[[ Task inputs, beginning ]]
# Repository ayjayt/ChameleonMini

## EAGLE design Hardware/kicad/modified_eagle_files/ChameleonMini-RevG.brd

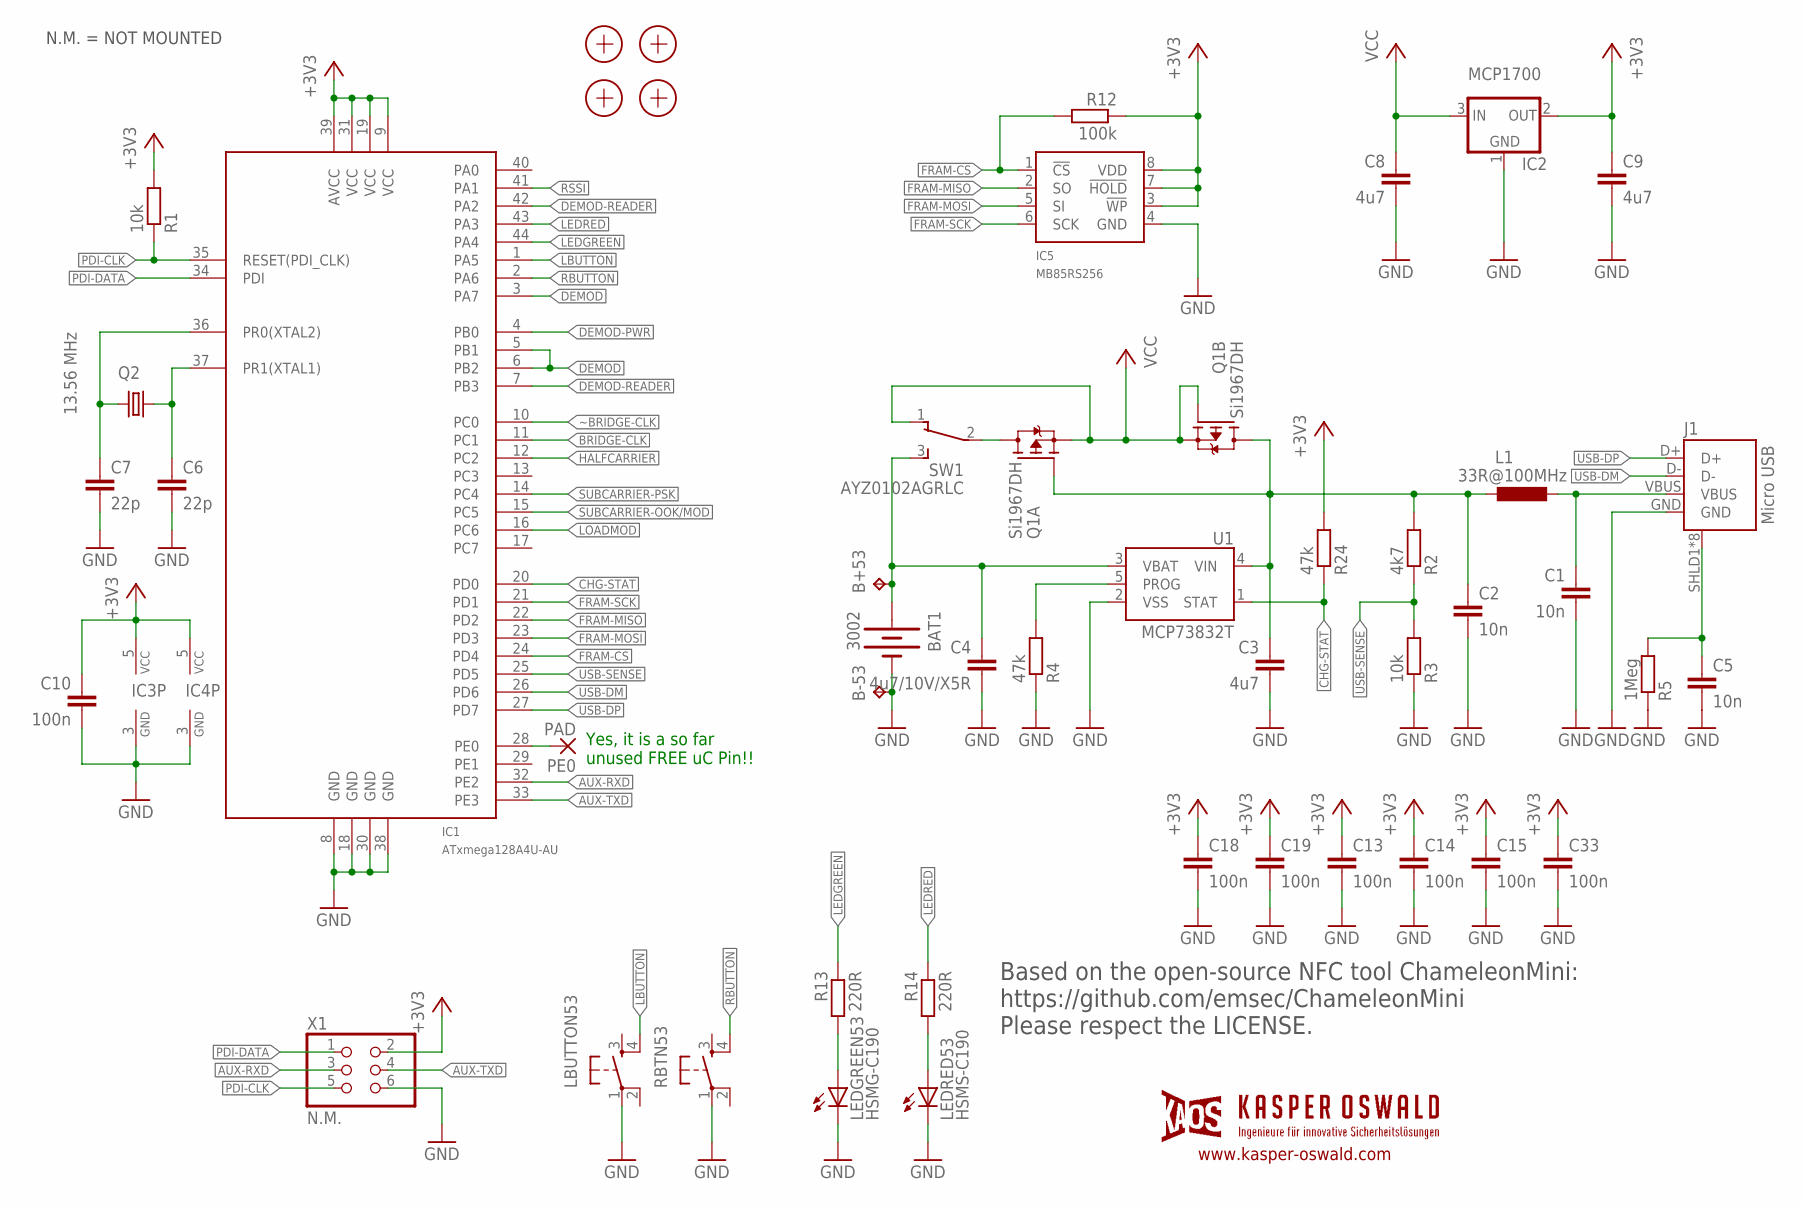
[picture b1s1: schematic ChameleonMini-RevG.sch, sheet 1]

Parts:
B+53: TPTP18SQ; TP18SQ
B-53: TPTP18SQ; TP18SQ
BAT1: 3002; BATTCON_20MM
C1, C2: 10n; C1206K
C3, C8, C9: 4u7; C0603K
C4: 4u7/10V/X5R; C0603K
C5: 10n; C0603K
C6, C7: 22p; C0603K
C10, C13, C14, C15, C18, C19, C33: 100n; C0603K
IC1: ATxmega128A4U-AU; TQFP44
IC2: MCP1700; SOT23
IC3: 7408; SC70-5
IC4: 7486; SC70-5
IC5: MB85RS256; SO-08
J1: Micro USB; USB-MICROB-10118194
L1: 33R@100MHz; L2012C
LBUTTON53: SWITCH_SPST_4_PINSQUARE; TACTILE-SWITCH-SMD
LEDGREEN53: HSMG-C190; CHIPLED-0603
LEDRED53: HSMS-C190; CHIPLED-0603
PE0: PAD; SMD1,27-2,54
Q1: Si1967DH; SOT363
Q2: 13.56 MHz; 5MMX3.2MM
R1, R3: 10k; R0603
R2: 4k7; R0603
R4, R24: 47k; R0603
R5: 1Meg; R0603
R12: 100k; R0603
R13, R14: 220R; R0603
RBTN53: SWITCH_SPST_4_PINSQUARE; TACTILE-SWITCH-SMD
SW1: AYZ0102AGRLC
U1: MCP73832T; SOT23-5
X1: N.M.; PINHD-2X3-2.54-EDGE
X2, X4, X5, X6: PASSER-07; PASSER_07MM

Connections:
+3V3: C9.1, C10.1, C13.1, C14.1, C15.1, C18.1, C19.1, C33.1, IC1.9 (VCC), IC1.19 (VCC), IC1.31 (VCC), IC1.39 (AVCC), IC2.2 (OUT), IC3.5 (VCC), IC4.5 (VCC), IC5.3 (!WP), IC5.7 (!HOLD), IC5.8 (VDD), R1.2, R12.1, R24.2, X1.2; also elsewhere on the board
AUX-RXD: IC1.32 (PE2), X1.3
AUX-TXD: IC1.33 (PE3), X1.4
BRIDGE-CLK: IC1.11 (PC1); also elsewhere on the board
CHG-STAT: IC1.20 (PD0), R24.1, U1.1 (STAT)
DEMOD: IC1.3 (PA7), IC1.5 (PB1), IC1.6 (PB2); also elsewhere on the board
DEMOD-PWR: IC1.4 (PB0); also elsewhere on the board
DEMOD-READER: IC1.7 (PB3), IC1.42 (PA2); also elsewhere on the board
FRAM-CS: IC1.24 (PD4), IC5.1 (!CS), R12.2
FRAM-MISO: IC1.22 (PD2), IC5.2 (SO)
FRAM-MOSI: IC1.23 (PD3), IC5.5 (SI)
FRAM-SCK: IC1.21 (PD1), IC5.6 (SCK)
GND: B-53.TP, BAT1.-, C1.2, C2.2, C3.2, C4.2, C5.2, C6.2, C7.2, C8.2, C9.2, C10.2, C13.2, C14.2, C15.2, C18.2, C19.2, C33.2, IC1.8 (GND), IC1.18 (GND), IC1.30 (GND), IC1.38 (GND), IC2.1 (GND), IC3.3 (GND), IC4.3 (GND), IC5.4 (GND), J1.GND, LBUTTON53.1, LEDGREEN53.C, LEDRED53.C, R3.1, R4.1, R5.1, RBTN53.1, U1.2 (VSS), X1.6; also elsewhere on the board
HALFCARRIER: IC1.12 (PC2); also elsewhere on the board
LBUTTON: IC1.1 (PA5), LBUTTON53.4
LEDGREEN: IC1.44 (PA4), R13.1
LEDRED: IC1.43 (PA3), R14.1
LOADMOD: IC1.16 (PC6); also elsewhere on the board
unnamed: C7.1, IC1.36 (PR0(XTAL2)), Q2.3 (2)
unnamed: C1.1, J1.VBUS, L1.1
unnamed: C6.1, IC1.37 (PR1(XTAL1)), Q2.1
unnamed: LEDGREEN53.A, R13.2
unnamed: LEDRED53.A, R14.2
unnamed: Q1.6 (D), SW1.2
unnamed: C2.1, C3.1, L1.2, Q1.2 (G), Q1.3 (D), R2.2, U1.4 (VIN)
unnamed: IC1.28 (PE0), PE0.1
unnamed: R4.2, U1.5 (PROG)
unnamed: B+53.TP, BAT1.+2 (+), C4.1, SW1.3 (S), U1.3 (VBAT)
unnamed: C5.1, J1.SHLD1 (SHIELD), J1.SHLD2 (SHIELD), J1.SHLD3 (SHIELD), J1.SHLD4 (SHIELD), J1.SHLD5 (SHIELD), J1.SHLD6 (SHIELD), J1.SHLD7 (SHIELD), J1.SHLD8 (SHIELD), R5.2
PDI-CLK: IC1.35 (RESET(PDI_CLK)), R1.1, X1.5
PDI-DATA: IC1.34 (PDI), X1.1
RBUTTON: IC1.2 (PA6), RBTN53.4
RSSI: IC1.41 (PA1); also elsewhere on the board
SUBCARRIER-OOK/MOD: IC1.15 (PC5); also elsewhere on the board
SUBCARRIER-PSK: IC1.14 (PC4); also elsewhere on the board
USB-DM: IC1.26 (PD6), J1.D-
USB-DP: IC1.27 (PD7), J1.D+
USB-SENSE: IC1.25 (PD5), R2.1, R3.2
VCC: C8.1, IC2.3 (IN), Q1.1 (S), Q1.4 (S), Q1.5 (G), SW1.1 (O)
~BRIDGE-CLK: IC1.10 (PC0); also elsewhere on the board

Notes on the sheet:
Based on the open-source NFC tool ChameleonMini: https://github.com/emsec/ChameleonMini Please respect the LICENSE.
N.M. = NOT MOUNTED
Yes, it is a so far unused FREE uC Pin!!
www.kasper-oswald.com

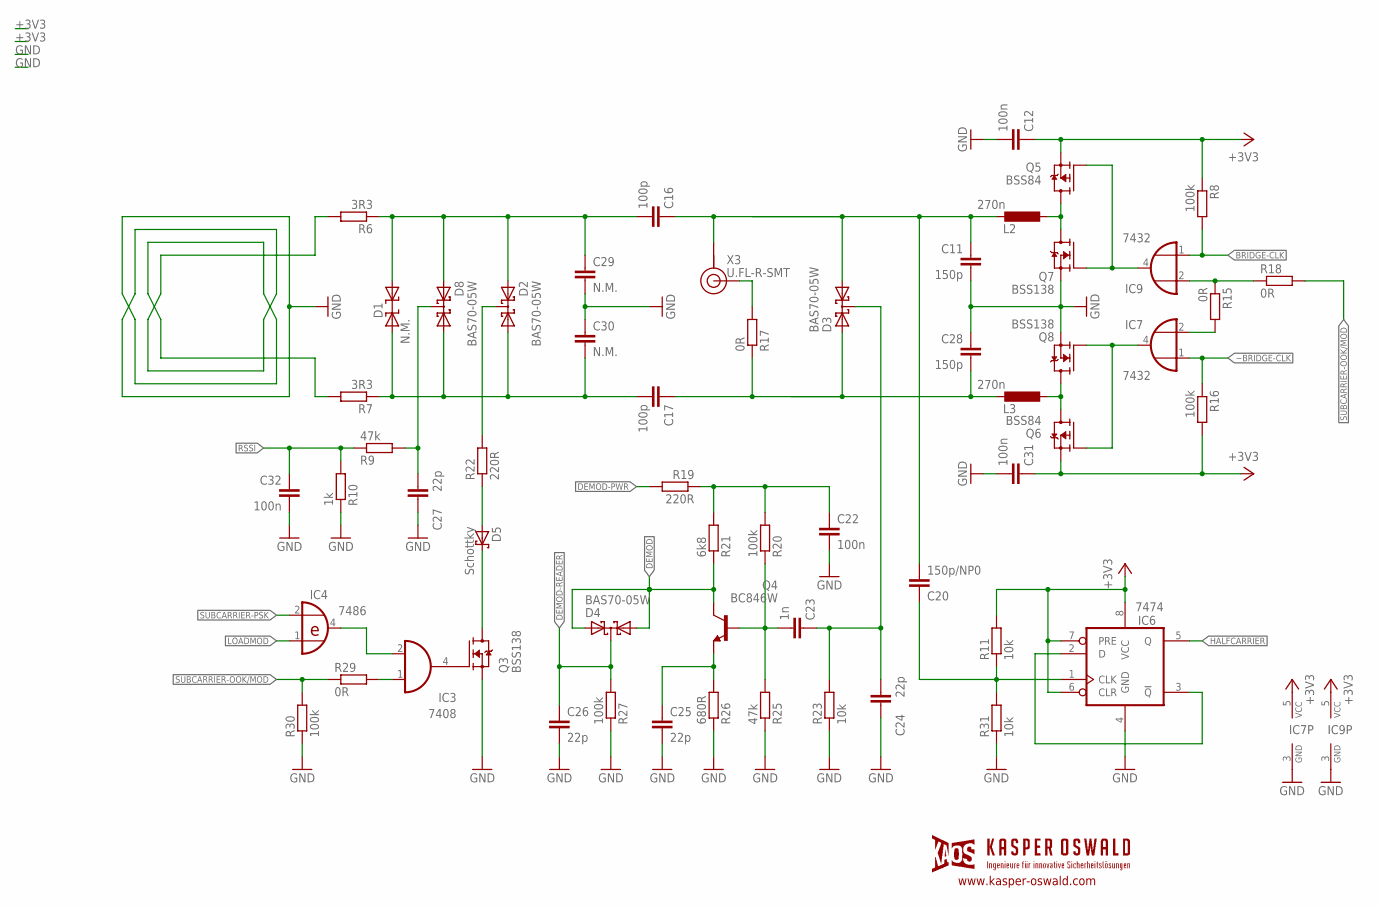
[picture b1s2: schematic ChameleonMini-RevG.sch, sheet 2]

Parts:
C11, C28: 150p; C0603K
C12, C22, C31, C32: 100n; C0603K
C16, C17: 100p; C0603K
C20: 150p/NP0; C0603K
C23: 1n; C0603K
C24, C25, C26, C27: 22p; C0603K
C29, C30: N.M.; C0603K
D1: N.M.; DO214AC
D2, D3, D4, D8: BAS70-05W; SOT323
D5: Schottky; SOD323(F)
IC3: 7408; SC70-5
IC4: 7486; SC70-5
IC6: 7474; VSSOP8
IC7, IC9: 7432; SC70-5
L2, L3: 270n; L2012C
Q3, Q7, Q8: BSS138; SOT323
Q4: BC846W; SOT323
Q5, Q6: BSS84; SOT323
R6, R7: 3R3; R0603
R8, R16, R20, R27, R30: 100k; R0603
R9, R25: 47k; R0603
R10: 1k; R0603
R11, R23, R31: 10k; R0603
R15, R17, R18, R29: 0R; R0603
R19, R22: 220R; R0603
R21: 6k8; R0603
R26: 680R; R0603
X3: U.FL-R-SMT

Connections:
+3V3: C12.1, C31.1, IC6.6 (CLR), IC6.7 (PRE), IC6.8 (VCC), IC7.5 (VCC), IC9.5 (VCC), Q5.2 (S), Q6.2 (S), R8.1, R11.2, R16.2; also elsewhere on the board
ANTENNA-A: C11.1, C16.1, C20.2, D3.2 (A2), L2.2, X3.GND1 (GND)
ANTENNA-B: C17.1, C28.2, D3.1 (A1), L3.2, R17.1
BRIDGE-1: IC9.4 (O), Q5.1 (G), Q7.1 (G)
BRIDGE-2: IC7.4 (O), Q6.1 (G), Q8.1 (G)
BRIDGE-CLK: IC9.1 (I0), R8.2; also elsewhere on the board
DEMOD: D4.1 (A1), D4.2 (A2), Q4.3 (C), R21.1; also elsewhere on the board
DEMOD-PWR: R19.2; also elsewhere on the board
DEMOD-READER: C26.1, D4.3 (K), R27.2; also elsewhere on the board
GND: C11.2, C12.2, C22.2, C24.2, C25.2, C26.2, C27.2, C28.1, C29.2, C30.1, C31.2, C32.2, IC6.4 (GND), IC7.3 (GND), IC9.3 (GND), Q3.2 (S), Q7.2 (S), Q8.2 (S), R6.2, R7.2, R10.1, R23.1, R25.1, R26.1, R27.1, R30.1, R31.1; also elsewhere on the board
HALFCARRIER: IC6.5 (Q); also elsewhere on the board
LOADMOD: IC4.1 (I0); also elsewhere on the board
MOD-DEMOD: D2.3 (K), R22.2
MOD-DEMOD1: C23.1, C24.1, D3.3 (K), R23.2
unnamed: C25.1, Q4.2 (E), R26.2
unnamed: IC7.2 (I1), R15.2
unnamed: D5.1 (K), Q3.3 (D)
unnamed: IC6.2 (D), IC6.3 (!Q)
unnamed: C16.2, C29.1, D1.2, D2.1 (A1), D8.1 (A1), R6.1
unnamed: L2.1, Q5.3 (D), Q7.3 (D)
unnamed: IC3.2 (I1), IC4.4 (O)
unnamed: D5.2 (A), R22.1
unnamed: IC3.4 (O), Q3.1 (G)
unnamed: R17.2, X3.SIG
unnamed: L3.1, Q6.3 (D), Q8.3 (D)
unnamed: C17.2, C30.2, D1.1, D2.2 (A2), D8.2 (A2), R7.1
unnamed: C27.1, D8.3 (K), R9.2
unnamed: IC9.2 (I1), R15.1, R18.1
unnamed: C23.2, Q4.1 (B), R20.1, R25.2
unnamed: C20.1, IC6.1 (CLK), R11.1, R31.2
unnamed: IC3.1 (I0), R29.2
unnamed: C22.1, R19.1, R20.2, R21.2
RSSI: C32.1, R9.1, R10.2; also elsewhere on the board
SUBCARRIER-OOK/MOD: R18.2, R29.1, R30.2; also elsewhere on the board
SUBCARRIER-PSK: IC4.2 (I1); also elsewhere on the board
~BRIDGE-CLK: IC7.1 (I0), R16.1; also elsewhere on the board

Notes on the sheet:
www.kasper-oswald.com

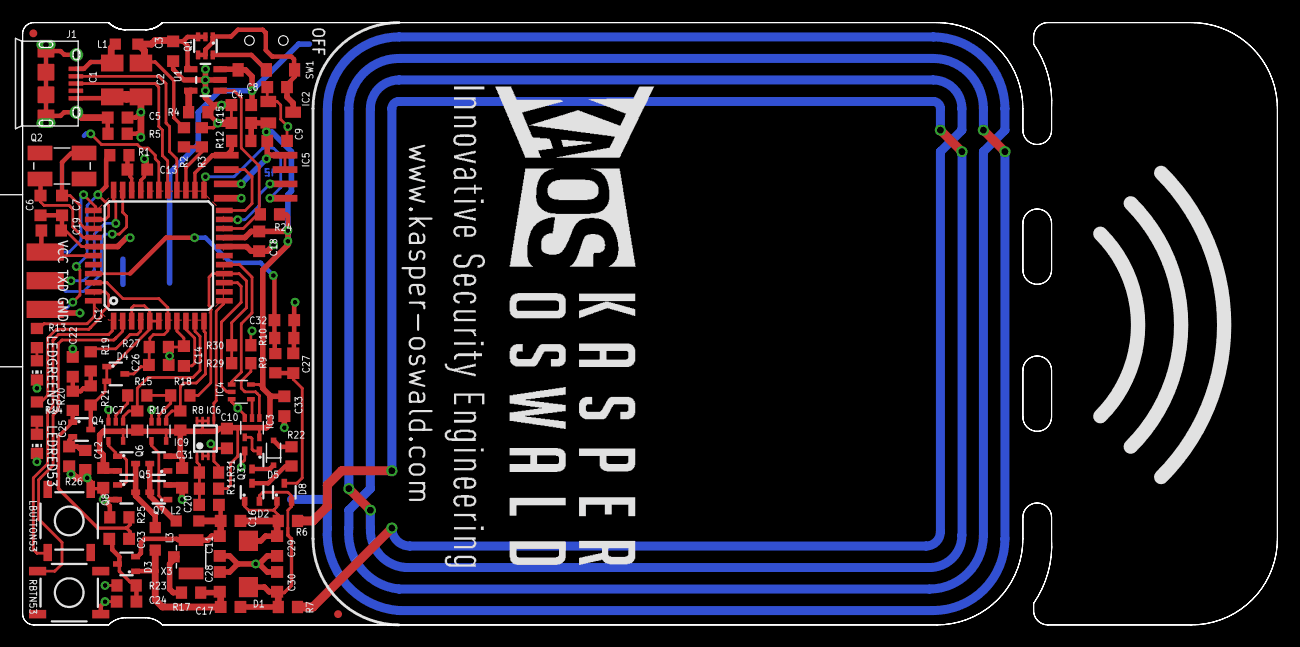
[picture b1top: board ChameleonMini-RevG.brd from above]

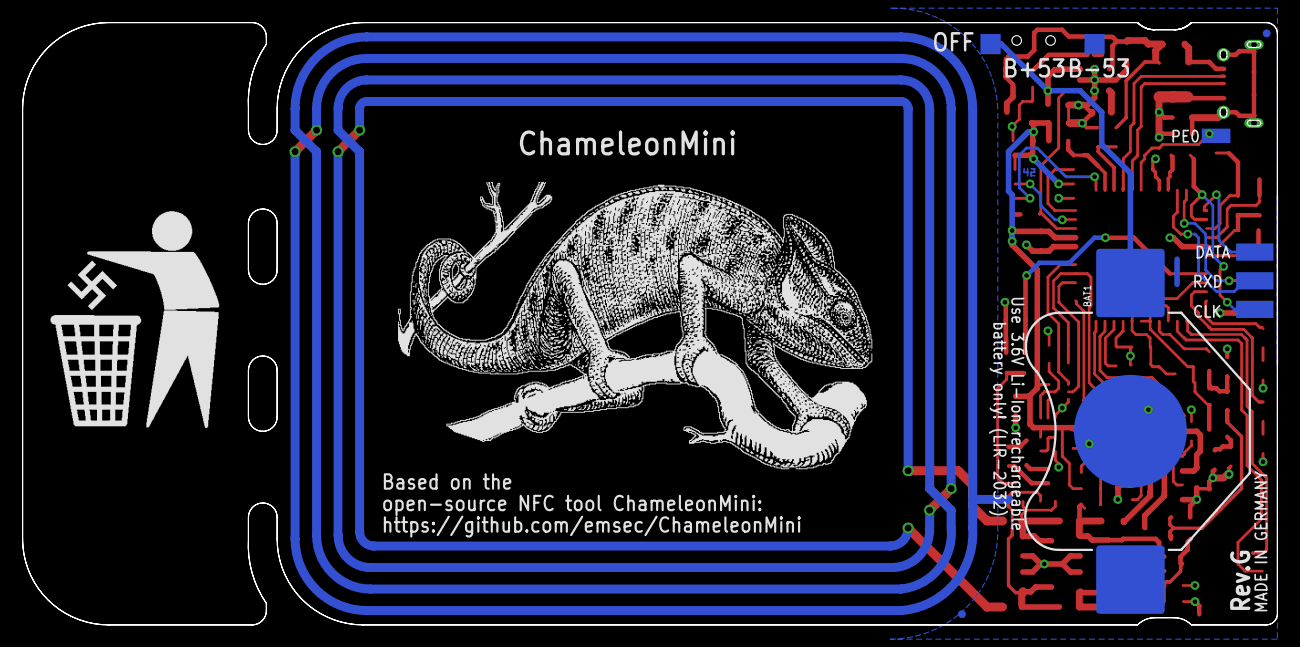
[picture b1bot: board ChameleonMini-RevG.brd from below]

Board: 2 copper layers, 111.1 x 53.3 mm, 104 parts (6 on the bottom side), 64 nets.

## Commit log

2017-09-20 Added two non-firmware things:
    A folder generated during conversion to kicad- nothing useful
    Fixed a 1k to be the proper size
2017-09-21 UART WORKS! Added some functions Some notes too, (how to turn off USB)
2017-10-06 tons of uart working
2017-10-14 UART now works as a library to trade commands- no XMODEM yet
2017-10-14 added a .gitignore for vim
2017-11-07 Modified so UART works with XMODEM
    XMODEM doesn't use \r to indicate commands, so I added 0x01 and 0x04 to mark that buffer should
    be processed

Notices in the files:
parts and their libraries:
SparkFun-Electromechanical: Licensing: Creative Commons ShareAlike 4.0 International - https://creativecommons.org/licenses/by-sa/4.0
[[ Task inputs, end ]]
Exercise prompt: Write out exactly the lines above, from the very first through the line containing "LEDRED: IC1.43 (PA3), R14.1", both kept, with the pictures removed.

Task response:
# Repository ayjayt/ChameleonMini

## EAGLE design Hardware/kicad/modified_eagle_files/ChameleonMini-RevG.brd

[picture b1s1: schematic ChameleonMini-RevG.sch, sheet 1]

Parts:
B+53: TPTP18SQ; TP18SQ
B-53: TPTP18SQ; TP18SQ
BAT1: 3002; BATTCON_20MM
C1, C2: 10n; C1206K
C3, C8, C9: 4u7; C0603K
C4: 4u7/10V/X5R; C0603K
C5: 10n; C0603K
C6, C7: 22p; C0603K
C10, C13, C14, C15, C18, C19, C33: 100n; C0603K
IC1: ATxmega128A4U-AU; TQFP44
IC2: MCP1700; SOT23
IC3: 7408; SC70-5
IC4: 7486; SC70-5
IC5: MB85RS256; SO-08
J1: Micro USB; USB-MICROB-10118194
L1: 33R@100MHz; L2012C
LBUTTON53: SWITCH_SPST_4_PINSQUARE; TACTILE-SWITCH-SMD
LEDGREEN53: HSMG-C190; CHIPLED-0603
LEDRED53: HSMS-C190; CHIPLED-0603
PE0: PAD; SMD1,27-2,54
Q1: Si1967DH; SOT363
Q2: 13.56 MHz; 5MMX3.2MM
R1, R3: 10k; R0603
R2: 4k7; R0603
R4, R24: 47k; R0603
R5: 1Meg; R0603
R12: 100k; R0603
R13, R14: 220R; R0603
RBTN53: SWITCH_SPST_4_PINSQUARE; TACTILE-SWITCH-SMD
SW1: AYZ0102AGRLC
U1: MCP73832T; SOT23-5
X1: N.M.; PINHD-2X3-2.54-EDGE
X2, X4, X5, X6: PASSER-07; PASSER_07MM

Connections:
+3V3: C9.1, C10.1, C13.1, C14.1, C15.1, C18.1, C19.1, C33.1, IC1.9 (VCC), IC1.19 (VCC), IC1.31 (VCC), IC1.39 (AVCC), IC2.2 (OUT), IC3.5 (VCC), IC4.5 (VCC), IC5.3 (!WP), IC5.7 (!HOLD), IC5.8 (VDD), R1.2, R12.1, R24.2, X1.2; also elsewhere on the board
AUX-RXD: IC1.32 (PE2), X1.3
AUX-TXD: IC1.33 (PE3), X1.4
BRIDGE-CLK: IC1.11 (PC1); also elsewhere on the board
CHG-STAT: IC1.20 (PD0), R24.1, U1.1 (STAT)
DEMOD: IC1.3 (PA7), IC1.5 (PB1), IC1.6 (PB2); also elsewhere on the board
DEMOD-PWR: IC1.4 (PB0); also elsewhere on the board
DEMOD-READER: IC1.7 (PB3), IC1.42 (PA2); also elsewhere on the board
FRAM-CS: IC1.24 (PD4), IC5.1 (!CS), R12.2
FRAM-MISO: IC1.22 (PD2), IC5.2 (SO)
FRAM-MOSI: IC1.23 (PD3), IC5.5 (SI)
FRAM-SCK: IC1.21 (PD1), IC5.6 (SCK)
GND: B-53.TP, BAT1.-, C1.2, C2.2, C3.2, C4.2, C5.2, C6.2, C7.2, C8.2, C9.2, C10.2, C13.2, C14.2, C15.2, C18.2, C19.2, C33.2, IC1.8 (GND), IC1.18 (GND), IC1.30 (GND), IC1.38 (GND), IC2.1 (GND), IC3.3 (GND), IC4.3 (GND), IC5.4 (GND), J1.GND, LBUTTON53.1, LEDGREEN53.C, LEDRED53.C, R3.1, R4.1, R5.1, RBTN53.1, U1.2 (VSS), X1.6; also elsewhere on the board
HALFCARRIER: IC1.12 (PC2); also elsewhere on the board
LBUTTON: IC1.1 (PA5), LBUTTON53.4
LEDGREEN: IC1.44 (PA4), R13.1
LEDRED: IC1.43 (PA3), R14.1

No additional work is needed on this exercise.